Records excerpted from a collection
'''

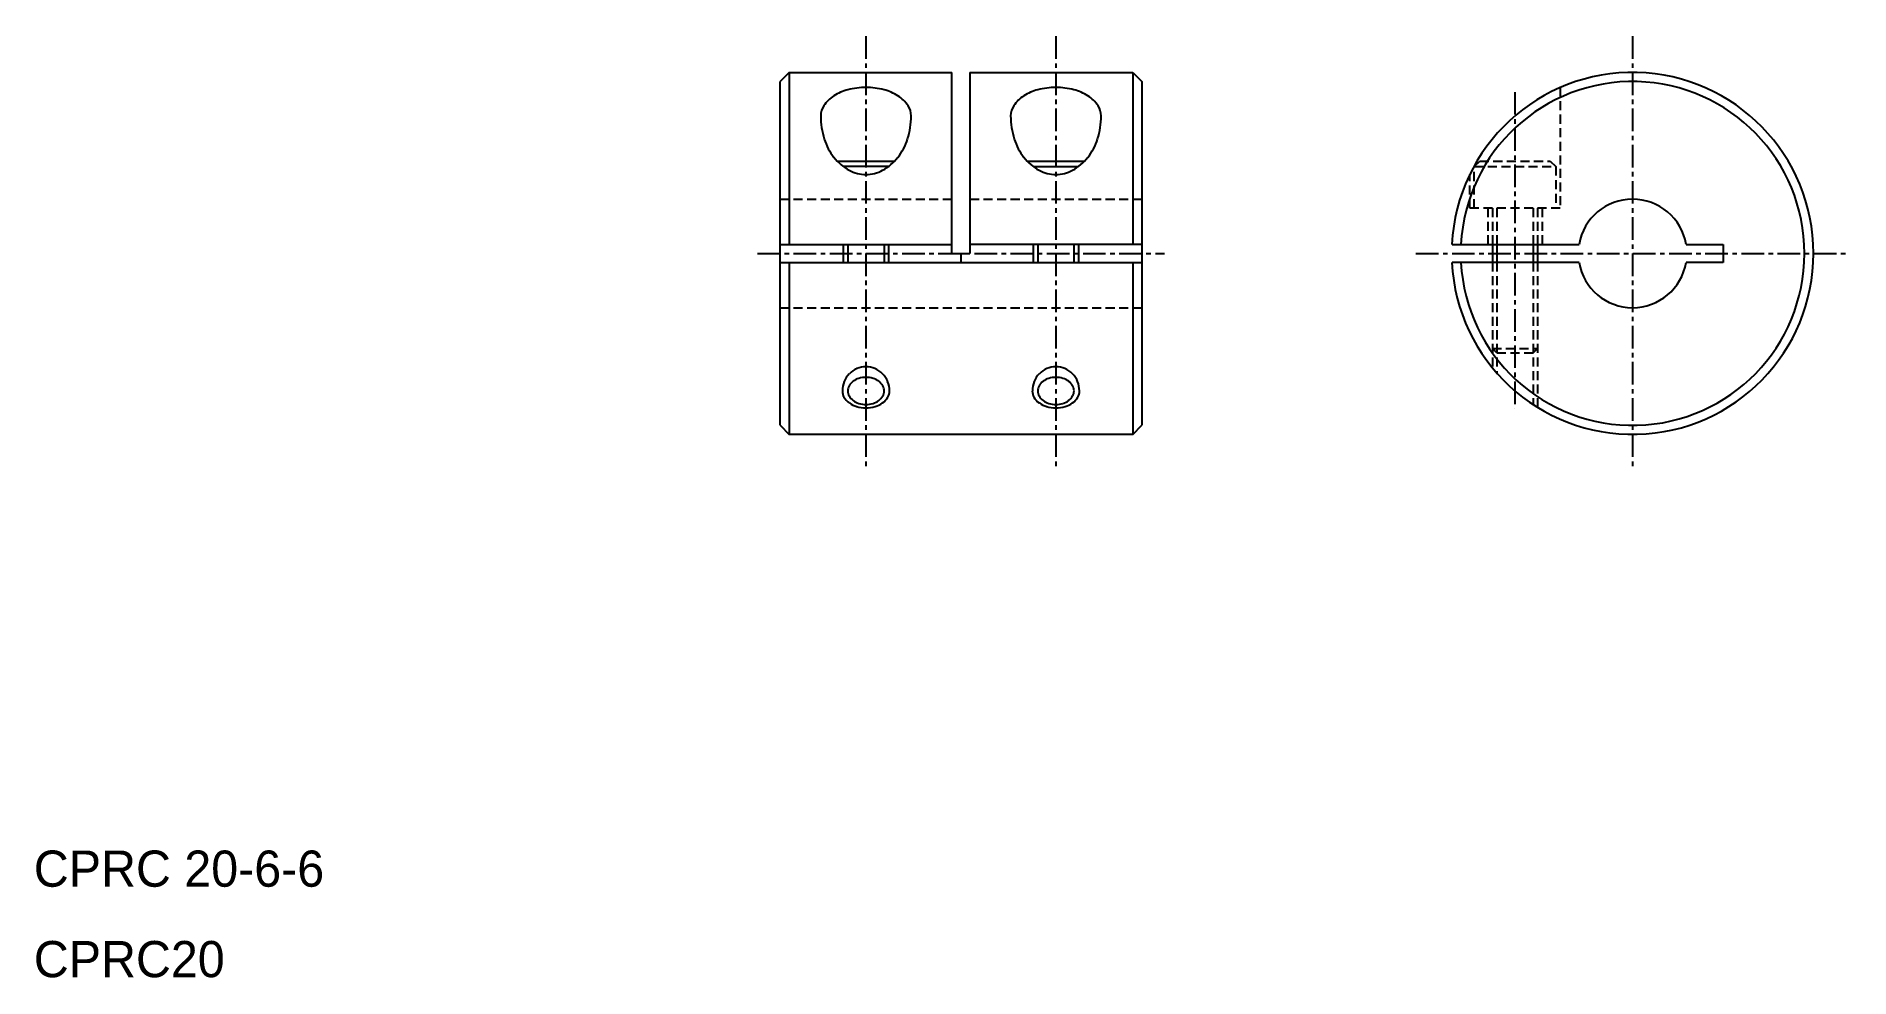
# Model space of a CAD drawing. Extents: x 10 to 110, y 10 to 62.
import ezdxf

# ---------------------------------------------------------------- set-up
doc = ezdxf.new("R2010")
doc.units = 0
doc.linetypes.add('CENTER', pattern=[2, 1.25, -0.25, 0.25, -0.25])
doc.linetypes.add('DASHED', pattern=[0.75, 0.5, -0.25])
doc.layers.get('0').update_dxf_attribs({"linetype": 'CONTINUOUS'})
doc.layers.add('CENTER', color=1, linetype='CENTER')

msp = doc.modelspace()

# ---------------------------------------------------------------- linework, layer by layer
at = {"color": 7, "linetype": 'CONTINUOUS'}
for p, q in [((51.75, 60), (51.25, 59.5)), ((51.25, 40.5), (51.25, 59.5)), ((51.75, 60), (60.75, 60)), ((51.75, 60), (51.75, 50.5)), ((60.75, 50), (60.75, 60)), ((61.75, 60), (70.75, 60)), ((61.75, 60), (61.75, 50)), ((70.75, 60), (70.75, 50.5)), ((70.75, 60), (71.25, 59.5)), ((71.25, 59.5), (71.25, 40.5)), ((54.41, 55.1), (57.59, 55.1)), ((57.25, 54.8), (54.75, 54.8)), ((64.91, 55.1), (68.09, 55.1)), ((65.25, 54.8), (67.75, 54.8)), ((53.63, 53), (53.63, 53)), ((56, 53), (56, 53)), ((51.25, 50.5), (60.75, 50.5)), ((54.75, 50.5), (54.75, 49.5)), ((57.25, 50.5), (57.25, 49.5)), ((71.25, 50.5), (61.75, 50.5)), ((65.25, 50.5), (65.25, 49.5)), ((67.75, 50.5), (67.75, 49.5)), ((88.4, 50.5), (95.43, 50.5)), ((90.63, 50.5), (90.63, 49.5)), ((93.13, 50.5), (93.13, 49.5)), ((101.34, 50.5), (103.38, 50.5)), ((103.38, 50.5), (103.38, 49.5)), ((51.25, 49.5), (71.25, 49.5)), ((51.75, 49.5), (51.75, 40)), ((60.75, 50), (61.75, 50)), ((61.25, 50), (61.25, 49.5)), ((70.75, 49.5), (70.75, 40)), ((95.43, 49.5), (88.4, 49.5)), ((103.38, 49.5), (101.34, 49.5)), ((51.25, 40.5), (51.75, 40)), ((70.75, 40), (71.25, 40.5)), ((70.75, 40), (51.75, 40))]:
    msp.add_line(p, q, dxfattribs=at)
at = {"color": 3, "linetype": 'DASHED'}
for p, q in [((94.38, 59.17), (94.38, 52.5)), ((89.38, 52.5), (89.38, 54.36)), ((89.63, 54.8), (89.93, 55.1)), ((89.63, 54.8), (94.13, 54.8)), ((89.63, 52.5), (89.63, 54.8)), ((89.93, 55.1), (93.83, 55.1)), ((93.83, 55.1), (94.13, 54.8)), ((94.13, 54.8), (94.13, 52.5)), ((51.25, 53), (60.75, 53)), ((61.75, 53), (71.25, 53)), ((94.38, 52.5), (89.38, 52.5)), ((90.38, 52.5), (90.38, 50.5)), ((90.63, 52.5), (90.63, 50.5)), ((90.88, 52.5), (90.88, 50.5)), ((92.88, 52.5), (92.88, 50.5)), ((93.13, 52.5), (93.13, 50.5)), ((93.38, 52.5), (93.38, 50.5)), ((90.63, 49.5), (90.63, 43.68)), ((90.88, 49.5), (90.88, 43.39)), ((92.88, 49.5), (92.88, 41.65)), ((93.13, 49.5), (93.13, 41.49)), ((51.25, 47), (71.25, 47)), ((90.88, 44.5), (90.63, 44.75)), ((90.63, 44.75), (93.13, 44.75)), ((90.88, 44.5), (92.88, 44.5)), ((92.88, 44.5), (93.13, 44.75))]:
    msp.add_line(p, q, dxfattribs=at)
at = {"color": 3, "linetype": 'CONTINUOUS'}
for p, q in [((55, 50.5), (55, 49.5)), ((57, 50.5), (57, 49.5)), ((65.5, 50.5), (65.5, 49.5)), ((67.5, 50.5), (67.5, 49.5)), ((90.88, 50.5), (90.88, 49.5)), ((92.88, 50.5), (92.88, 49.5))]:
    msp.add_line(p, q, dxfattribs=at)
at = {"color": 7, "linetype": 'CONTINUOUS'}
for centre, radius, start, end in [((56, 55.19), 3.98, 90, 104.5437), ((56, 55.19), 3.98, 75.4563, 90), ((66.5, 55.19), 3.98, 90, 104.5437), ((66.5, 55.19), 3.98, 75.4563, 90), ((98.38, 50), 10, 182.866, 177.134), ((98.38, 50), 9.5, 183.017, 176.983), ((54.51, 57.6), 1.01, 146.5217, 180), ((55.22, 57.13), 1.86, 122.0599, 146.5217), ((55.69, 56.38), 2.75, 104.5437, 122.0599), ((56.31, 56.38), 2.75, 57.9401, 75.4563), ((56.78, 57.13), 1.86, 33.4783, 57.9401), ((57.49, 57.6), 1.01, 0, 33.4783), ((65.01, 57.6), 1.01, 146.5217, 180), ((65.72, 57.13), 1.86, 122.0599, 146.5217), ((66.19, 56.38), 2.75, 104.5437, 122.0599), ((66.81, 56.38), 2.75, 57.9401, 75.4563), ((67.28, 57.13), 1.86, 33.4783, 57.9401), ((67.99, 57.6), 1.01, 0, 33.4783), ((57.69, 57.6), 4.19, 180, 197.7221), ((54.31, 57.6), 4.19, 342.2779, 0), ((68.19, 57.6), 4.19, 180, 197.7221), ((64.81, 57.6), 4.19, 342.2779, 0), ((56.86, 57.33), 3.32, 197.7221, 217.6502), ((55.14, 57.33), 3.32, 322.3498, 342.2779), ((67.36, 57.33), 3.32, 197.7221, 217.6502), ((65.64, 57.33), 3.32, 322.3498, 342.2779), ((56.33, 56.93), 2.65, 217.6502, 241.7689), ((55.67, 56.93), 2.65, 298.2311, 322.3498), ((66.83, 56.93), 2.65, 217.6502, 241.7689), ((66.17, 56.93), 2.65, 298.2311, 322.3498), ((56, 56.31), 1.95, 241.7689, 270), ((56, 56.31), 1.95, 270, 298.2311), ((66.5, 56.31), 1.95, 241.7689, 270), ((66.5, 56.31), 1.95, 270, 298.2311), ((98.38, 50), 3, 9.5941, 170.4059), ((98.38, 50), 3, 189.5941, 350.4059), ((56, 41.83), 1.32, 90, 107.3078), ((56, 41.83), 1.32, 72.6922, 90), ((66.5, 41.83), 1.32, 90, 107.3078), ((66.5, 41.83), 1.32, 72.6922, 90), ((55.57, 42.4), 0.573, 151.1631, 180), ((55.57, 42.4), 0.573, 180, 208.8369), ((55.78, 42.29), 0.807, 126.9543, 151.1631), ((55.78, 42.51), 0.807, 208.8369, 233.0457), ((55.91, 42.11), 1.03, 107.3078, 126.9543), ((56.09, 42.11), 1.03, 53.0457, 72.6922), ((56.22, 42.29), 0.807, 28.8369, 53.0457), ((56.22, 42.51), 0.807, 306.9543, 331.1631), ((56.43, 42.4), 0.573, 0, 28.8369), ((56.43, 42.4), 0.573, 331.1631, 0), ((66.07, 42.4), 0.573, 151.1631, 180), ((66.07, 42.4), 0.573, 180, 208.8369), ((66.28, 42.29), 0.807, 126.9543, 151.1631), ((66.28, 42.51), 0.807, 208.8369, 233.0457), ((66.41, 42.11), 1.03, 107.3078, 126.9543), ((66.59, 42.11), 1.03, 53.0457, 72.6922), ((66.72, 42.29), 0.807, 28.8369, 53.0457), ((66.72, 42.51), 0.807, 306.9543, 331.1631), ((66.93, 42.4), 0.573, 0, 28.8369), ((66.93, 42.4), 0.573, 331.1631, 0), ((55.91, 42.69), 1.03, 233.0457, 252.6922), ((56, 42.97), 1.32, 252.6922, 270), ((56, 42.97), 1.32, 270, 287.3078), ((56.09, 42.69), 1.03, 287.3078, 306.9543), ((66.41, 42.69), 1.03, 233.0457, 252.6922), ((66.5, 42.97), 1.32, 252.6922, 270), ((66.5, 42.97), 1.32, 270, 287.3078), ((66.59, 42.69), 1.03, 287.3078, 306.9543)]:
    msp.add_arc(centre, radius, start, end, dxfattribs=at)
at = {"color": 3, "linetype": 'CONTINUOUS'}
for centre, radius, start, end in [((56.04, 42.42), 1.34, 135.9011, 158.1302), ((56.02, 42.44), 1.3, 113.1444, 135.9011), ((56, 42.48), 1.26, 90, 113.1444), ((56, 42.48), 1.26, 66.8556, 90), ((55.98, 42.44), 1.3, 44.0989, 66.8556), ((55.96, 42.42), 1.34, 21.8698, 44.0989), ((66.54, 42.42), 1.34, 135.9011, 158.1302), ((66.52, 42.44), 1.3, 113.1444, 135.9011), ((66.5, 42.48), 1.26, 90, 113.1444), ((66.5, 42.48), 1.26, 66.8556, 90), ((66.48, 42.44), 1.3, 44.0989, 66.8556), ((66.46, 42.42), 1.34, 21.8698, 44.0989), ((56.08, 42.4), 1.38, 158.1302, 180), ((55.39, 42.4), 0.693, 180, 209.7453), ((55.92, 42.4), 1.38, 0, 21.8698), ((56.61, 42.4), 0.693, 330.2547, 0), ((66.58, 42.4), 1.38, 158.1302, 180), ((65.89, 42.4), 0.693, 180, 209.7453), ((66.42, 42.4), 1.38, 0, 21.8698), ((67.11, 42.4), 0.693, 330.2547, 0), ((55.68, 42.57), 1.03, 209.7453, 234.0631), ((55.88, 42.83), 1.35, 234.0631, 253.2877), ((56, 43.25), 1.79, 253.2877, 270), ((56, 43.25), 1.79, 270, 286.7123), ((56.12, 42.83), 1.35, 286.7123, 305.9369), ((56.32, 42.57), 1.03, 305.9369, 330.2547), ((66.18, 42.57), 1.03, 209.7453, 234.0631), ((66.38, 42.83), 1.35, 234.0631, 253.2877), ((66.5, 43.25), 1.79, 253.2877, 270), ((66.5, 43.25), 1.79, 270, 286.7123), ((66.62, 42.83), 1.35, 286.7123, 305.9369), ((66.82, 42.57), 1.03, 305.9369, 330.2547)]:
    msp.add_arc(centre, radius, start, end, dxfattribs=at)
at = {"layer": 'CENTER', "color": 1, "linetype": 'CENTER'}
for p, q in [((56, 62), (56, 38)), ((66.5, 62), (66.5, 38)), ((98.38, 62), (98.38, 38)), ((91.88, 58.92), (91.88, 41.41)), ((50, 50), (72.5, 50)), ((86.4, 50), (110.38, 50))]:
    msp.add_line(p, q, dxfattribs=at)

# ---------------------------------------------------------------- texts
at = {"color": 7, "linetype": 'CONTINUOUS'}
for s, p in [('CPRC 20-6-6', (10, 15)), ('CPRC20', (10, 10))]:
    msp.add_text(s, height=2, dxfattribs=at).set_placement(p)

doc.saveas('drawing.dxf')

'''

Every line above from the line with "doc.units = 0" to the line with "msp = doc.modelspace()" is wanted, ends included; write them out exactly and add no other line.

doc.units = 0
doc.linetypes.add('CENTER', pattern=[2, 1.25, -0.25, 0.25, -0.25])
doc.linetypes.add('DASHED', pattern=[0.75, 0.5, -0.25])
doc.layers.get('0').update_dxf_attribs({"linetype": 'CONTINUOUS'})
doc.layers.add('CENTER', color=1, linetype='CENTER')

msp = doc.modelspace()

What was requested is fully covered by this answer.